_EXERCISE PROMPT_
Before copying, set the images aside; then transcribe every entry below exactly.

_LISTED ENTRIES_
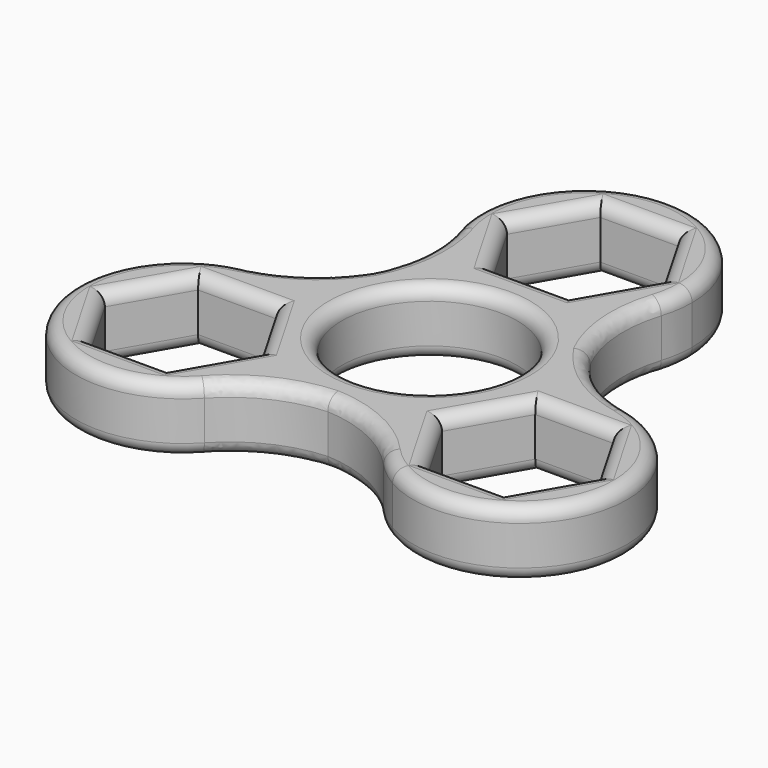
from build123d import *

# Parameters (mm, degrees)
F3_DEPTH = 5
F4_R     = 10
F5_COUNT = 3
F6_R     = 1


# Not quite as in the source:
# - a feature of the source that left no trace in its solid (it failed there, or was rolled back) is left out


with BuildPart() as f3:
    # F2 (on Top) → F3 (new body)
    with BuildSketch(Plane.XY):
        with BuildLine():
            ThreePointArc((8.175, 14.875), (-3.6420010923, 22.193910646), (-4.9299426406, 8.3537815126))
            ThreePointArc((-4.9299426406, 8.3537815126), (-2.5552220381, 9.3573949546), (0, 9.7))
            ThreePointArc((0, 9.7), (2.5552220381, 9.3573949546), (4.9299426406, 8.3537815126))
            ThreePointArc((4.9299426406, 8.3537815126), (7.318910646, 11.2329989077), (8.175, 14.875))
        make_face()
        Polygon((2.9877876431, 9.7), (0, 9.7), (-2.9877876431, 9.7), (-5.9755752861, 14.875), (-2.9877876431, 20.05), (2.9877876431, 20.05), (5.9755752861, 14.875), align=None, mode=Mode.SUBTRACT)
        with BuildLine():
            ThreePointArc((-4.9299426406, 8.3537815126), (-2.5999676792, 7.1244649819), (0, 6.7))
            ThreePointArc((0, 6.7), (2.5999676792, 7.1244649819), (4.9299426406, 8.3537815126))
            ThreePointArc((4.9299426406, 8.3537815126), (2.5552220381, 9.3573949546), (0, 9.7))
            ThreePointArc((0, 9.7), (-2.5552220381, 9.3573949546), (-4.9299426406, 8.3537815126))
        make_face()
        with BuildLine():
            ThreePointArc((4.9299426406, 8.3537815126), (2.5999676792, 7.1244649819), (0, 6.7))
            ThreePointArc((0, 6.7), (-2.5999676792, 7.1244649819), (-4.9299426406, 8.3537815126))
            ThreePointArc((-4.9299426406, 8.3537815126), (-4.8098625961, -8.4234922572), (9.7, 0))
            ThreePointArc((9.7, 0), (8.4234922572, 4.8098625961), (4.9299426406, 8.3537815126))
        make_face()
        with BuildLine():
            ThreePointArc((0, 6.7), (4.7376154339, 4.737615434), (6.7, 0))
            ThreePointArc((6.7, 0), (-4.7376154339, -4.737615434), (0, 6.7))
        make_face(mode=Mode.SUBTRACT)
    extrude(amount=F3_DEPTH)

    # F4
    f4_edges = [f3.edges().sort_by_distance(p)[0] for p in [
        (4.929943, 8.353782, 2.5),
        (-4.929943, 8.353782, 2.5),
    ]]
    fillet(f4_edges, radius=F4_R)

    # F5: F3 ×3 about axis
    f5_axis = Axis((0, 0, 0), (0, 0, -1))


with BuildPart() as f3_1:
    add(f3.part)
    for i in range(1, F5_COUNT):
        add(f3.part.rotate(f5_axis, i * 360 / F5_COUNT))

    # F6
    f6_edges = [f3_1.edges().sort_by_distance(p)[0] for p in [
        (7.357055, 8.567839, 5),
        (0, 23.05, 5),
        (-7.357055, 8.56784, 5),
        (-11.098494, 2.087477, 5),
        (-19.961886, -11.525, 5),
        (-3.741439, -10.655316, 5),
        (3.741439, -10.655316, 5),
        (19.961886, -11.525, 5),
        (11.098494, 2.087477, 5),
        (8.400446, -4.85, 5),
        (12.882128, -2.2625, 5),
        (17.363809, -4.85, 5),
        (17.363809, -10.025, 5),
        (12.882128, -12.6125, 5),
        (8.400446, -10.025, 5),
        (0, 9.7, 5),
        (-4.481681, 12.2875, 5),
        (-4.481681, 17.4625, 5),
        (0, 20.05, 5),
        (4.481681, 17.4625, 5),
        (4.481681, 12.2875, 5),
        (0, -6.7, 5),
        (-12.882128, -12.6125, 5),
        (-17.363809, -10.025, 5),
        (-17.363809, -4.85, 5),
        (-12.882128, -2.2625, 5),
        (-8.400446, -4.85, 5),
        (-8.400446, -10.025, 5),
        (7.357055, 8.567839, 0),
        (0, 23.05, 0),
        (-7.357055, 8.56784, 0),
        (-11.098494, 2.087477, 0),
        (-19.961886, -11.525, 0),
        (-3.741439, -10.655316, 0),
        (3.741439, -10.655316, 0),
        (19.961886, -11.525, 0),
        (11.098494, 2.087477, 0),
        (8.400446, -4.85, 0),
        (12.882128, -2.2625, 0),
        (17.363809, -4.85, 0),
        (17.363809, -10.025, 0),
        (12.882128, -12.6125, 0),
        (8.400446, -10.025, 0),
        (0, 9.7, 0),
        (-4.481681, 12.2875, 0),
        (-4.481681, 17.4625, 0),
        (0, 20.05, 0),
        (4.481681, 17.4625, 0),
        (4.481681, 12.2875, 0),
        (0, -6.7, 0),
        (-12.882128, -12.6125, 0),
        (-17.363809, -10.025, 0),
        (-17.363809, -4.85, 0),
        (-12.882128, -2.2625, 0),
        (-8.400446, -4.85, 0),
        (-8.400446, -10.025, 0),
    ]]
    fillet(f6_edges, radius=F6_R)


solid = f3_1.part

_REPLY TO THE EXERCISE_
from build123d import *

# Parameters (mm, degrees)
F3_DEPTH = 5
F4_R     = 10
F5_COUNT = 3
F6_R     = 1


# Not quite as in the source:
# - a feature of the source that left no trace in its solid (it failed there, or was rolled back) is left out


with BuildPart() as f3:
    # F2 (on Top) → F3 (new body)
    with BuildSketch(Plane.XY):
        with BuildLine():
            ThreePointArc((8.175, 14.875), (-3.6420010923, 22.193910646), (-4.9299426406, 8.3537815126))
            ThreePointArc((-4.9299426406, 8.3537815126), (-2.5552220381, 9.3573949546), (0, 9.7))
            ThreePointArc((0, 9.7), (2.5552220381, 9.3573949546), (4.9299426406, 8.3537815126))
            ThreePointArc((4.9299426406, 8.3537815126), (7.318910646, 11.2329989077), (8.175, 14.875))
        make_face()
        Polygon((2.9877876431, 9.7), (0, 9.7), (-2.9877876431, 9.7), (-5.9755752861, 14.875), (-2.9877876431, 20.05), (2.9877876431, 20.05), (5.9755752861, 14.875), align=None, mode=Mode.SUBTRACT)
        with BuildLine():
            ThreePointArc((-4.9299426406, 8.3537815126), (-2.5999676792, 7.1244649819), (0, 6.7))
            ThreePointArc((0, 6.7), (2.5999676792, 7.1244649819), (4.9299426406, 8.3537815126))
            ThreePointArc((4.9299426406, 8.3537815126), (2.5552220381, 9.3573949546), (0, 9.7))
            ThreePointArc((0, 9.7), (-2.5552220381, 9.3573949546), (-4.9299426406, 8.3537815126))
        make_face()
        with BuildLine():
            ThreePointArc((4.9299426406, 8.3537815126), (2.5999676792, 7.1244649819), (0, 6.7))
            ThreePointArc((0, 6.7), (-2.5999676792, 7.1244649819), (-4.9299426406, 8.3537815126))
            ThreePointArc((-4.9299426406, 8.3537815126), (-4.8098625961, -8.4234922572), (9.7, 0))
            ThreePointArc((9.7, 0), (8.4234922572, 4.8098625961), (4.9299426406, 8.3537815126))
        make_face()
        with BuildLine():
            ThreePointArc((0, 6.7), (4.7376154339, 4.737615434), (6.7, 0))
            ThreePointArc((6.7, 0), (-4.7376154339, -4.737615434), (0, 6.7))
        make_face(mode=Mode.SUBTRACT)
    extrude(amount=F3_DEPTH)

    # F4
    f4_edges = [f3.edges().sort_by_distance(p)[0] for p in [
        (4.929943, 8.353782, 2.5),
        (-4.929943, 8.353782, 2.5),
    ]]
    fillet(f4_edges, radius=F4_R)

    # F5: F3 ×3 about axis
    f5_axis = Axis((0, 0, 0), (0, 0, -1))


with BuildPart() as f3_1:
    add(f3.part)
    for i in range(1, F5_COUNT):
        add(f3.part.rotate(f5_axis, i * 360 / F5_COUNT))

    # F6
    f6_edges = [f3_1.edges().sort_by_distance(p)[0] for p in [
        (7.357055, 8.567839, 5),
        (0, 23.05, 5),
        (-7.357055, 8.56784, 5),
        (-11.098494, 2.087477, 5),
        (-19.961886, -11.525, 5),
        (-3.741439, -10.655316, 5),
        (3.741439, -10.655316, 5),
        (19.961886, -11.525, 5),
        (11.098494, 2.087477, 5),
        (8.400446, -4.85, 5),
        (12.882128, -2.2625, 5),
        (17.363809, -4.85, 5),
        (17.363809, -10.025, 5),
        (12.882128, -12.6125, 5),
        (8.400446, -10.025, 5),
        (0, 9.7, 5),
        (-4.481681, 12.2875, 5),
        (-4.481681, 17.4625, 5),
        (0, 20.05, 5),
        (4.481681, 17.4625, 5),
        (4.481681, 12.2875, 5),
        (0, -6.7, 5),
        (-12.882128, -12.6125, 5),
        (-17.363809, -10.025, 5),
        (-17.363809, -4.85, 5),
        (-12.882128, -2.2625, 5),
        (-8.400446, -4.85, 5),
        (-8.400446, -10.025, 5),
        (7.357055, 8.567839, 0),
        (0, 23.05, 0),
        (-7.357055, 8.56784, 0),
        (-11.098494, 2.087477, 0),
        (-19.961886, -11.525, 0),
        (-3.741439, -10.655316, 0),
        (3.741439, -10.655316, 0),
        (19.961886, -11.525, 0),
        (11.098494, 2.087477, 0),
        (8.400446, -4.85, 0),
        (12.882128, -2.2625, 0),
        (17.363809, -4.85, 0),
        (17.363809, -10.025, 0),
        (12.882128, -12.6125, 0),
        (8.400446, -10.025, 0),
        (0, 9.7, 0),
        (-4.481681, 12.2875, 0),
        (-4.481681, 17.4625, 0),
        (0, 20.05, 0),
        (4.481681, 17.4625, 0),
        (4.481681, 12.2875, 0),
        (0, -6.7, 0),
        (-12.882128, -12.6125, 0),
        (-17.363809, -10.025, 0),
        (-17.363809, -4.85, 0),
        (-12.882128, -2.2625, 0),
        (-8.400446, -4.85, 0),
        (-8.400446, -10.025, 0),
    ]]
    fillet(f6_edges, radius=F6_R)


solid = f3_1.part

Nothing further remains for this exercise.